Defense lawyers and prosecutors both agreed that the attack sprang from a personal vendetta between King and one girl. This girl testified that King had overheard her talking to a school counselor after she was sexually abused and attempted suicide, and claimed King had spread gossip about this. Within a few days of the attack, Wilbur Wright school responded by suspending five of the eighteen attackers from school for ten days.

== Aftermath ==
When the attack was publicized a day later in The Plain Dealer, more than 100 readers contacted the newspaper to confirm that the May Day ritual had been practiced for years. Many in their 20s recalled staying home sick from school on May Day in the 1990s or hurrying home to avoid getting hurt. Some teachers did not give homework that day because they knew attendance would be down. Although annual assaults on white children by minorities is rooted in certain public schools on Cleveland's West Side, the event may have multiple origins. For example, one man recalled that when he served in the military, many of his friends reported, participated in, or became victims of this annual ritual.

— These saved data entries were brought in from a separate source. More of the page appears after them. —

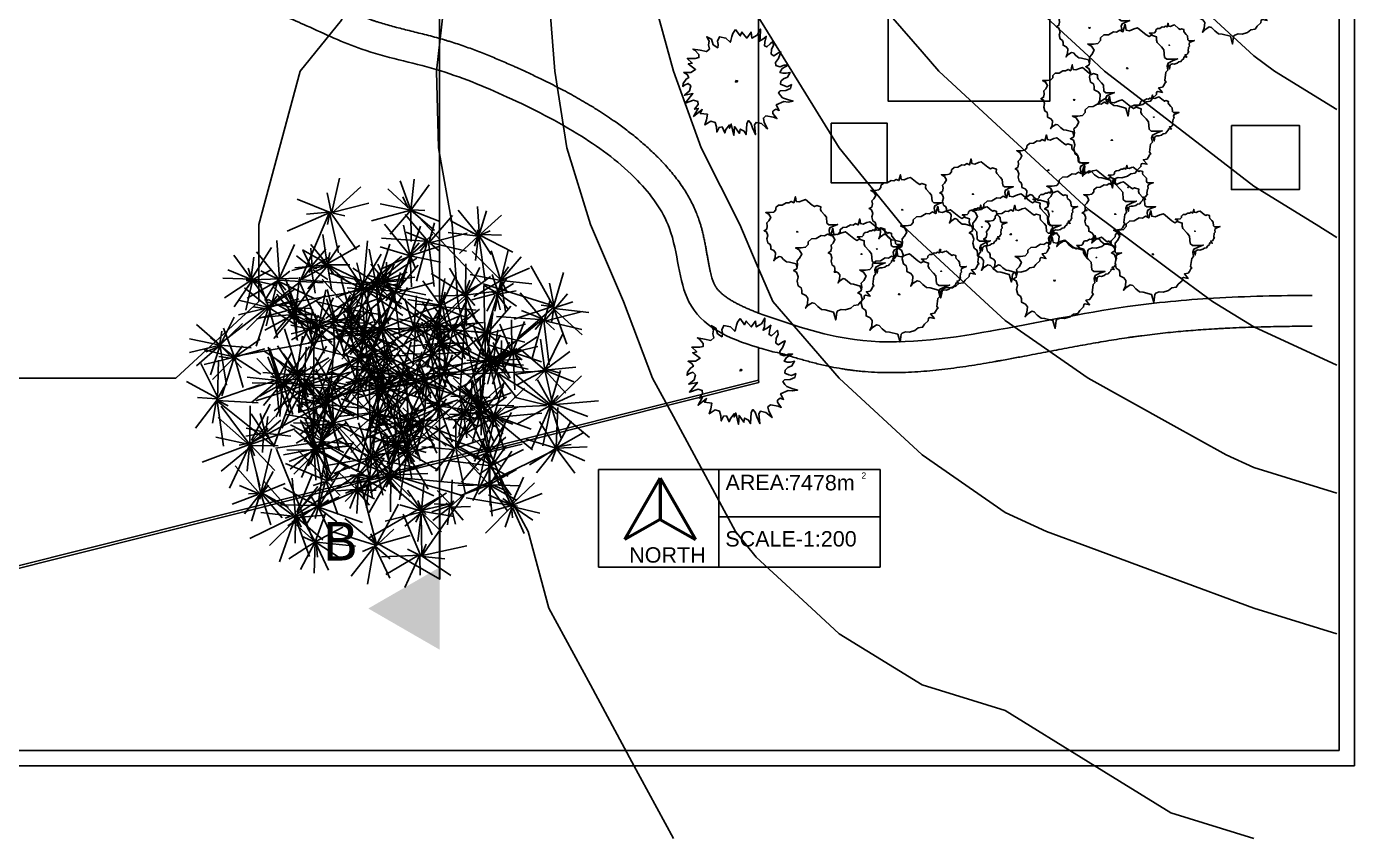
# Model space of a CAD drawing. Header units: millimetres. Extents: x -2023021 to 4454414, y -304659 to 993992.
# Drawn here: x 832035 to 918377, y 719286 to 772097 of the extents above; entities that cross this region are included whole.
import ezdxf

# ---------------------------------------------------------------- set-up
doc = ezdxf.new("R2010")
doc.units = ezdxf.units.MM
doc.header["$LTSCALE"] = 10
doc.header["$MEASUREMENT"] = 0
doc.linetypes.add('ACAD_ISO08W100', pattern=[36, 24, -3, 6, -3])
doc.linetypes.add('BANKLINE1', pattern=[5.5, 4, -1.5])
doc.layers.add('contour', color=254, linetype='Continuous')
doc.layers.add('zelen', color=69, linetype='Continuous')
doc.styles.get("Standard").update_dxf_attribs({"font": 'arial.ttf'})

# ---------------------------------------------------------------- blocks, each defined once
blk = doc.blocks.new('contour')
at = {"color": 9, "true_color": 0xc7c8ca}
for points in [[(459694, 78789), (464008, 74797), (465356, 73798), (469400, 71303)], [(448909, 78789), (453223, 74797), (454302, 73798), (458616, 70471), (460772, 68808), (464008, 66312), (468052, 63817), (469400, 62985)], [(439203, 78789), (442439, 75046), (443517, 73798), (447831, 69806), (448909, 68808), (453223, 64815), (454571, 63817), (458616, 60822), (461312, 58826), (464008, 57162), (469400, 54667)], [(431654, 77542), (433965, 73798), (437046, 68808), (441091, 63817), (442439, 62569), (446483, 58826), (447831, 57578), (453223, 53835), (458616, 50841), (462210, 48845), (464008, 48013), (469400, 46349)], [(424914, 78789), (426262, 73798), (428059, 68808), (430576, 63817), (431654, 61321), (432733, 58826), (437046, 53835), (442439, 48845), (447831, 45101), (450527, 43854), (453223, 42856), (458616, 40859), (464008, 38863), (469400, 37199)], [(418174, 78789), (418559, 73798), (419329, 68808), (420870, 63817), (423027, 58826), (424914, 53835), (426262, 51340), (427610, 48845), (430306, 43854), (431654, 42190), (435249, 38863), (437046, 37199), (442439, 33872), (447831, 32209), (453223, 28881), (458616, 25554), (464008, 23891)], [(411433, 78789), (410856, 73798), (410984, 68808), (411883, 63817), (412242, 58826), (413321, 53835), (414399, 48845), (415477, 46349), (416825, 43854), (418174, 38863), (420870, 33872), (423566, 28881), (426262, 23891)], [(383124, 138678), (388516, 137569), (393908, 136460), (399301, 135559), (401997, 133688), (404693, 128697), (405937, 123706), (406767, 118715), (408011, 113725), (408930, 108734), (409700, 103743), (408841, 98752), (408288, 93762), (407634, 88771), (406490, 83780), (405292, 78789), (404693, 77126), (401997, 73798), (400649, 68808), (399301, 63817), (399301, 58826), (393908, 53835), (388516, 53835), (383124, 53835)]]:
    blk.add_lwpolyline(points, dxfattribs=at)
blk = doc.blocks.new('*U16')
for points in [[(0, 1540.256), (-77.4954, 1428.4452), (-106.5784, 1341.501), (-135.636, 1217.295), (-155.0162, 1167.6126), (-280.9748, 1291.8186), (-474.7514, 1329.0804), (-532.892, 1204.8744), (-513.5118, 1105.5096), (-523.1892, 1006.1194), (-658.8506, 1093.089), (-707.2884, 1254.5568), (-842.9244, 1329.0804), (-775.1064, 1204.8744), (-794.4866, 1093.089), (-765.429, 968.8576), (-852.6272, 894.334), (-1036.701, 931.5958), (-1249.8832, 968.8576), (-1191.7426, 931.5958), (-1075.4614, 807.3898), (-1075.4614, 720.4456), (-1182.0398, 695.6044), (-1414.5768, 695.6044), (-1269.238, 558.9524), (-1385.5192, 534.1112), (-1172.3624, 372.6434), (-1307.9984, 285.6992), (-1521.1552, 285.6992), (-1414.5768, 223.5962), (-1366.139, 136.652), (-1453.3372, 86.9442), (-1540.5354, -37.2618), (-1550.2382, -124.206), (-1501.775, -86.9442), (-1385.5192, -37.2618), (-1307.9984, -111.7854), (-1346.7588, -260.8326), (-1501.775, -385.064), (-1249.8832, -335.3816), (-1482.3948, -621.0554), (-1230.503, -534.1112), (-1104.5444, -571.373), (-1094.8416, -658.3172), (-1201.42, -794.9692), (-1094.8416, -770.128), (-1230.503, -1006.1194), (-978.5858, -807.3898), (-1036.701, -919.1752), (-823.5442, -944.0164), (-852.6272, -1105.4842), (-901.065, -1254.5568), (-726.6686, -1142.746), (-600.71, -1180.0078), (-561.9496, -1316.6598), (-552.2722, -1465.707), (-484.4542, -1329.0804), (-397.2306, -1316.6598), (-319.7352, -1490.5482), (-280.9748, -1391.1834), (-174.3964, -1254.5568), (-174.3964, -1353.9216), (-125.9586, -1229.7156), (-48.4378, -1565.0718), (-29.0576, -1304.2392), (116.2812, -1502.9688), (135.6614, -1378.7628), (251.9172, -1440.8658), (310.0578, -1540.2306), (329.438, -1217.295), (377.8758, -1130.3254), (445.6938, -1204.8744), (494.157, -1341.501), (581.3552, -1540.2306), (552.2722, -1254.5568), (600.71, -1180.0078), (755.7516, -1217.295), (891.3876, -1329.0804), (939.8254, -1366.3422), (842.9498, -1180.0078), (813.8668, -1055.8018), (891.3876, -993.6988), (1114.2472, -1030.9606), (1211.1228, -1068.2224), (1094.867, -919.1752), (1094.867, -857.0722), (1182.0652, -794.9692), (1278.9408, -832.231), (1191.7426, -670.7378), (1414.6022, -571.373), (1540.5608, -583.7936), (1685.8996, -558.9524), (1521.1806, -509.27), (1375.8418, -459.5876), (1317.7012, -397.4846), (1259.5606, -310.515), (1308.0238, -260.8326), (1472.7174, -248.412), (1608.3788, -186.309), (1637.4364, -74.5236)], [(1647.1392, -74.5236), (1511.4778, -136.6266), (1433.9824, -111.7854), (1317.7012, -62.103), (1327.404, 24.8412), (1404.8994, 99.3648), (1521.1806, 149.0726), (1598.676, 285.6992), (1482.4202, 260.858), (1385.5192, 260.858), (1298.321, 285.6992), (1366.139, 397.4846), (1472.7174, 459.5876), (1540.5608, 496.8494), (1424.2796, 496.8494), (1298.321, 447.167), (1182.0652, 484.4288), (1172.3624, 571.3984), (1259.5606, 695.6044), (1327.404, 881.9134), (1259.5606, 857.0722), (1123.9246, 770.128), (1046.4038, 819.8104), (1056.1066, 956.437), (1114.2472, 1080.6684), (1094.867, 1192.4538), (1017.3462, 1117.9302), (920.4452, 1030.9606), (852.6272, 1068.2478), (862.33, 1167.6126), (901.0904, 1341.501), (794.512, 1254.5568), (678.2308, 1192.4538), (716.9912, 1291.8186), (726.6686, 1552.6766), (629.793, 1378.7628), (474.7768, 1291.8186), (455.3966, 1465.7324), (329.438, 1291.8186), (184.0992, 1465.7324), (135.6614, 1353.9216), (0, 1540.256)]]:
    blk.add_lwpolyline(points)
blk.add_lwpolyline([(9.7028, 49.6824), (0, 0), (48.4378, 12.4206), (58.1406, 37.2618)], close=True)
blk = doc.blocks.new('z_96')
at = {"color": 86, "linetype": 'Continuous'}
for p, q in [((-279.3, 139.9), (-326.8, 270.9)), ((-279.8, 149.9), (-254.2, 304.5)), ((-277.5, 143.8), (-209, 319.2)), ((-2.3, 183.5), (-55.4, 292.1)), ((0.6, 181.7), (29.5, 299.6)), ((5.7, 184.9), (91.8, 284.8)), ((-282.5, 143.4), (-440.4, 263.7)), ((-276.5, 141.1), (-146.8, 221.3)), ((-9.6, 182.8), (-129.6, 222.9)), ((1.7, 182.4), (-92.5, 262.1)), ((3.6, 188.7), (58.7, 265.3)), ((395.6, 94.6), (438.6, 246.5)), ((-292.1, 134.2), (-430.8, 180.4)), ((-280.1, 150.3), (-304, 174)), ((-5.7, 186.4), (-99.8, 114.3)), ((-4.6, 181.6), (-86.6, 72.3)), ((-0.6, 184.6), (125.7, 194.4)), ((1.5, 182.8), (69.9, 77.5)), ((9.8, 182.3), (88, 114.6)), ((393.4, 89.6), (354, 209.2)), ((393.4, 89.6), (479.1, 181.8)), ((-283.2, 138.5), (-471.2, 114.9)), ((-279.1, 142.3), (-397.9, 16.9)), ((-285.6, 136.6), (-375, 92.2)), ((-277.6, 139.7), (-313.4, -1.1)), ((-279.1, 135.4), (-307.4, 99.5)), ((-278.4, 130.6), (-221.9, 40)), ((-277.5, 137.2), (-129.1, 19.3)), ((-263.2, 140.3), (-131, 113.5)), ((-260.4, 142.3), (-97.9, 156.1)), ((393.4, 89.6), (284.7, 153.1)), ((393.4, 89.6), (514.5, 123.6)), ((-71.7, -35.5), (-42.1, 65.4)), ((393.4, 89.6), (273.9, 50.1)), ((393.4, 89.6), (293.9, 12.5)), ((391.3, 83.5), (363.2, 41.9)), ((393.4, 89.6), (493.5, 13.4)), ((393.4, 89.6), (516.7, 64.5)), ((393.4, 89.6), (442.6, -26.2)), ((409.2, 93.4), (456.4, 89)), ((-74.7, -24.6), (-111.9, 37.5)), ((164.1, -89.9), (142.7, 11.7)), ((163.4, -89), (238.9, 7.6)), ((-237.5, -199.4), (-267, -22)), ((-234, -202.3), (-196.3, -40.6)), ((-75, -39.2), (-157.1, -75.4)), ((-74, -33), (-152.4, -40.5)), ((-65.2, -32.9), (-135.5, -11.4)), ((-76.2, -35.8), (-103.5, -105.8)), ((-80, -28.7), (-89.9, -20)), ((-72.5, -35.1), (-71.9, -112)), ((-70.4, -41.1), (3.7, -57.1)), ((-69.9, -39.6), (-38.4, -102.6)), ((-68.1, -28.4), (-55.8, -19.3)), ((159.3, -86.3), (85.5, -28.7)), ((167, -88.4), (276, -24.7)), ((167.1, -94.6), (37.3, -175)), ((161.1, -92.4), (74, -95.2)), ((163.6, -101.8), (119, -170.9)), ((163.4, -86.5), (137.7, -55.7)), ((164.5, -93.4), (157.3, -141.4)), ((160.4, -93), (267.6, -148.2)), ((164.2, -92.2), (234.3, -170.2)), ((165.3, -92), (295.7, -74)), ((166.9, -90.5), (187.1, -100.1)), ((167, -104.1), (188, -212.9)), ((168.3, -88.4), (194, -71.5)), ((-237.4, -199.3), (-392.1, -169)), ((-242.3, -196.3), (-391.5, -241.3)), ((-242.2, -199.4), (-329.5, -310.3)), ((-246.4, -194), (-283.1, -163.8)), ((-241, -201.7), (-259.1, -277.3)), ((-242.2, -201.7), (-47.9, -207.3)), ((-236.2, -200.9), (-139.2, -306.8)), ((-231, -196), (-205.2, -161.9)), ((-230.8, -205.8), (-146.5, -236))]:
    blk.add_line(p, q, dxfattribs=at)
at = {"color": 251, "linetype": 'Continuous'}
for p, q in [((-4.6, -3.2), (0.8, 176.4)), ((-17.8, -5.6), (-274.7, 141.8)), ((0, 0), (389.1, 84.4)), ((-10.4, -6), (-235.7, -205.3)), ((-16, -6.1), (-74.7, -37.4)), ((-5, -18.9), (163.8, -91.6))]:
    blk.add_line(p, q, dxfattribs=at)
blk = doc.blocks.new('сосна 1')
for p, rotation in [((317.7, 388.3), 121.1570021628385), ((-412.6, 386.5), 205.4822314301707), ((-117.1, 122.3), 55.05972244949476), ((-351.5, 121.7), 257.3134436407499), ((-136.5, 361.1), 177.7388340989747), ((-143.1, -5.5), 121.1570021628385), ((285.8, 9.1), 60.73020616460848), ((-343.1, -101.5), 57.88453704712605), ((-274, 161.3), 177.7388340989747), ((234.4, -65.1), 73.86762904044271), ((173.8, 17), 349.7944254651076), ((326.9, 45.9), 177.7388340989747), ((98.1, -4.6), 177.7388340989747), ((-502.4, -282.3), 279.7984529833926), ((-175.3, -367), 63.19571700542104), ((-48.9, -393.6), 342.5348703671633), ((260.9, -458.6), 13.7229345296671)]:
    blk.add_blockref('z_96', p, dxfattribs=dict(rotation=rotation))
blk = doc.blocks.new('Clump of Trees or Bushes - plan')
for points in [[(-10.993, 56.487), (-9.228, 58.426), (-10.144, 63.512), (-8.923, 67.033), (-3.43, 69.772), (2.673, 72.119), (-2.82, 71.728), (-10.449, 71.728), (-13.195, 74.075), (-13.806, 83.073), (-16.857, 86.594), (-22.045, 92.071), (-22.961, 94.81), (-22.656, 98.722), (-28.759, 100.678), (-31.811, 99.113), (-35.472, 101.461), (-45.543, 109.676), (-49.815, 108.503), (-55.308, 106.155), (-59.58, 106.938), (-60.801, 113.98), (-63.242, 104.982), (-67.209, 106.938), (-70.872, 104.59), (-74.839, 104.982), (-80.637, 101.461), (-86.435, 101.069), (-90.402, 97.548), (-90.402, 94.419), (-93.454, 90.898), (-98.947, 90.115), (-105.66, 90.115), (-101.083, 87.768), (-98.031, 82.682), (-100.778, 77.596), (-103.829, 74.466), (-103.219, 69.772), (-104.134, 65.077), (-108.102, 62.73), (-104.439, 60.774), (-102.609, 55.297), (-103.829, 50.211), (-102.303, 44.342), (-98.947, 41.995), (-98.031, 38.865), (-98.031, 34.953), (-93.148, 32.606), (-90.707, 29.476), (-91.317, 22.434), (-93.454, 17.348), (-89.487, 21.26), (-85.519, 23.999), (-82.468, 23.216), (-78.806, 19.304), (-74.228, 15.783), (-69.956, 15.392), (-59.886, 12.653), (-58.254, 7.074)], [(59.448, 5.262), (60.936, 4.858), (62.652, -1.011), (63.415, 4.858), (64.178, 5.836), (66.848, 6.814), (69.709, 6.569), (73.905, 7.792), (76.385, 9.748), (79.627, 10.237), (81.153, 12.438), (84.014, 15.127), (84.205, 17.084), (85.158, 17.573), (88.591, 16.839), (85.73, 20.262), (88.591, 20.751), (89.545, 21.974), (90.689, 24.174), (91.452, 24.663), (90.499, 25.886), (91.261, 31.999), (92.596, 33.466), (92.024, 36.645), (92.787, 38.845), (96.22, 40.557), (100.035, 42.024), (96.602, 41.779), (91.834, 41.779), (90.117, 43.246), (89.736, 48.871), (87.828, 51.071), (84.586, 54.494), (84.014, 56.206), (84.205, 58.651), (80.39, 59.873), (78.483, 58.895), (76.194, 60.362), (69.9, 65.497), (67.23, 64.764), (63.797, 63.297), (61.126, 63.786), (60.364, 68.187), (58.838, 62.563), (56.358, 63.786), (54.07, 62.319), (51.59, 62.563), (47.966, 60.362), (44.343, 60.118), (41.863, 57.917), (41.863, 55.961), (39.956, 53.761), (36.523, 53.272), (32.327, 53.272), (35.187, 51.805), (36.641, 49.381)]]:
    blk.add_lwpolyline(points)
for points in [[(-4.577, 66.508), (-7.629, 55.261), (-12.588, 57.706), (-17.166, 54.772), (-22.125, 55.261), (-29.372, 50.86), (-36.62, 50.371), (-41.579, 45.969), (-41.579, 42.057), (-45.393, 37.656), (-52.259, 36.678), (-60.651, 36.678), (-54.93, 33.743), (-51.115, 27.386), (-54.548, 21.029), (-58.363, 17.116), (-57.6, 11.248), (-58.744, 5.38), (-63.703, 2.446), (-59.126, 0), (-56.837, -6.846), (-58.363, -13.203), (-56.455, -20.539), (-52.259, -23.473), (-51.115, -27.385), (-51.115, -32.275), (-45.012, -35.21), (-41.96, -39.122), (-42.723, -47.924), (-45.393, -54.282), (-40.434, -49.391), (-35.475, -45.968), (-31.661, -46.946), (-27.083, -51.837), (-21.362, -56.238), (-16.021, -56.727), (-3.433, -60.15), (0, -71.887), (1.526, -60.15), (3.052, -58.194), (8.392, -56.238), (14.114, -56.727), (22.506, -54.282), (27.465, -50.369), (33.949, -49.391), (37.001, -44.99), (42.723, -39.611), (43.104, -35.699), (45.012, -34.721), (51.878, -36.188), (46.156, -29.341), (51.878, -28.363), (53.785, -25.918), (56.074, -21.517), (57.6, -20.539), (55.692, -18.094), (57.218, -5.868), (59.888, -2.934), (58.744, 3.424), (60.27, 7.825), (67.136, 11.248), (74.765, 14.182), (67.899, 13.693), (58.363, 13.693), (54.93, 16.627), (54.167, 27.875), (50.352, 32.276), (43.867, 39.123), (42.723, 42.546), (43.104, 47.436), (35.475, 49.882), (31.661, 47.925), (27.083, 50.86), (14.495, 61.129), (9.155, 59.662), (2.289, 56.728), (-3.052, 57.706)], [(-58.055, 61.947), (-58.97, 60.774), (-57.139, 60.774)], [(62.08, 35.667), (61.508, 34.933), (62.652, 34.933)], [(-1.144, 1.468), (-2.289, 0), (0, 0)]]:
    blk.add_lwpolyline(points, close=True)

msp = doc.modelspace()

# ---------------------------------------------------------------- hatches: boundary and pattern name
at = {"true_color": 0x000000}
h = msp.add_hatch(color=18, dxfattribs=at)
h.dxf.hatch_style = 1
h.paths.add_polyline_path([(858893, 731566), (858893, 736920), (854256, 734243)])
h.paths.add_polyline_path([(858893, 843101), (854256, 840424), (858893, 837747)])

# ---------------------------------------------------------------- linework, layer by layer
for p, q in [((918377, 724014), (918377, 846974)), ((917377, 725014), (917377, 845995)), ((879620, 753458), (879620, 793216)), ((879620, 749088), (879620, 751215)), ((795512, 727985), (879620, 749088)), ((795549, 727839), (879657, 748942)), ((879657, 748942), (879620, 749088)), ((869214, 743285), (869214, 736929)), ((869214, 743285), (887545, 743285)), ((877051, 736929), (877051, 743285)), ((887545, 743285), (887545, 736929)), ((877051, 740204), (887545, 740204)), ((887545, 736929), (869214, 736929)), ((754306, 725014), (893684, 725014)), ((893684, 725014), (917377, 725014)), ((754306, 724014), (893684, 724014)), ((893684, 724014), (918377, 724014))]:
    msp.add_line(p, q)
at = {"linetype": 'ACAD_ISO08W100', "ltscale": 250}
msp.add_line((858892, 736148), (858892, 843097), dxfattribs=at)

In June 2003, the juvenile justice unit of the Cuyahoga County prosecutor's office filed felonious assault and aggravated riot juvenile charges against the eighteen attackers. Stating that the attack was some sort of May Day ritual with the "focus to beat up a white kid," the juvenile justice unit also charged the attackers with ethnic intimidation—a hate-crimes law.

In July, Cuyahoga County Juvenile Court Judge Joseph F. Russo entered not guilty pleas and appointed lawyers for the youth, and issued arrest warrants for the four who failed to attend the court hearing.

Judge Russo ended the trial in October 2003 with six convictions. These six individuals admitted aggravated rioting, and two of those admitted to felonious assault. Judge Russo said that testimony from prosecution witnesses, including King, was too conflicting, inconsistent and sometimes obviously false to prove the culpability of four defendants beyond reasonable doubt.

He also concluded that "based on the evidence I've heard, May Day is reality and the evidence was overwhelming that this was an attack based on May Day and that the victim was chosen because she was white." In drawing his conclusion, Judge Russo suggested that white students in Cleveland's integrated public schools have reason to fear assaults by minorities in so-called May Day attacks every May 1.